*** Block opens ***

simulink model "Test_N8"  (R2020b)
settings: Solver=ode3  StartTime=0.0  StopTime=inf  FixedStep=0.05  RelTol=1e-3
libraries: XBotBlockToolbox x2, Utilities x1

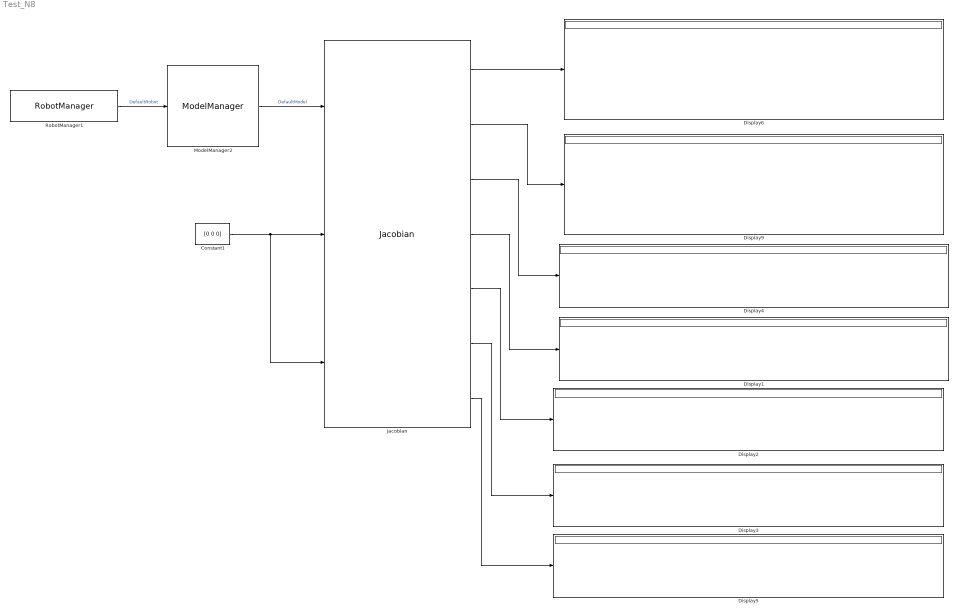
== system Test_N8 ==
  Constant1 : Constant  Value=[0 0 0]
  Display{1..6,9} (7 alike) : Display
  Jacobian : Utilities/Jacobian  ModelName=DefaultModel  JacobianList={ 'J', 'J_postural', 'J_relative', 'J_COM', 'dJcomQdot', 'JdotQdot', 'JdotQdot_relative' }  LinkName=LWrMot3  TargetFrame=LWrMot2  ExternalRef=On  TargetLink=LWrMot3  BaseLink=LWrMot2
  ModelManager2 : XBotBlockToolbox/ModelManager  ModelName=DefaultModel  RobotName=DefaultRobot  UseExtModel=Off  SyncWithRobot=On  GetFloatingBaseList={}  SetFloatingBaseComponent=Off  GravityRequest=Off  ReadingsList={}  MechanicalLimitsList={}  MechanicalLimitsCheck=Off  MechanicalLimitsEnforce=Off  SensorList={}  ReferencesList={}  OldModelName=DefaultModel
  RobotManager1 : XBotBlockToolbox/RobotManager  RobotName=DefaultRobot  ModelName=DefaultModel  UseExtRobot=Off  SyncWithModel=Off  ReadingsList={}  MechanicalLimitsList={}  MechanicalLimitsCheck=Off  MechanicalLimitsEnforce=Off  SensorList={}  ReferencesList={}  OldRobotName=DefaultRobot
  wires:
  RobotManager1/1 -> ModelManager2/1  "DefaultRobot"
  ModelManager2/1 -> Jacobian/1  "DefaultModel"
  Jacobian/2 -> Display9/1
  Jacobian/3 -> Display4/1
  Jacobian/4 -> Display1/1
  Jacobian/5 -> Display2/1
  Jacobian/6 -> Display3/1
  Jacobian/7 -> Display5/1
  Constant1/1 -> Jacobian/3, Jacobian/2
  Jacobian/1 -> Display6/1

*** Block closes ***

• **Work task**: Your answer must be the lines from the one containing "RobotManager1 : XBotBlockToolbox/RobotManager" to the last line of the entries, repeated exactly and with nothing else.

• **Result below**:
  RobotManager1 : XBotBlockToolbox/RobotManager  RobotName=DefaultRobot  ModelName=DefaultModel  UseExtRobot=Off  SyncWithModel=Off  ReadingsList={}  MechanicalLimitsList={}  MechanicalLimitsCheck=Off  MechanicalLimitsEnforce=Off  SensorList={}  ReferencesList={}  OldRobotName=DefaultRobot
  wires:
  RobotManager1/1 -> ModelManager2/1  "DefaultRobot"
  ModelManager2/1 -> Jacobian/1  "DefaultModel"
  Jacobian/2 -> Display9/1
  Jacobian/3 -> Display4/1
  Jacobian/4 -> Display1/1
  Jacobian/5 -> Display2/1
  Jacobian/6 -> Display3/1
  Jacobian/7 -> Display5/1
  Constant1/1 -> Jacobian/3, Jacobian/2
  Jacobian/1 -> Display6/1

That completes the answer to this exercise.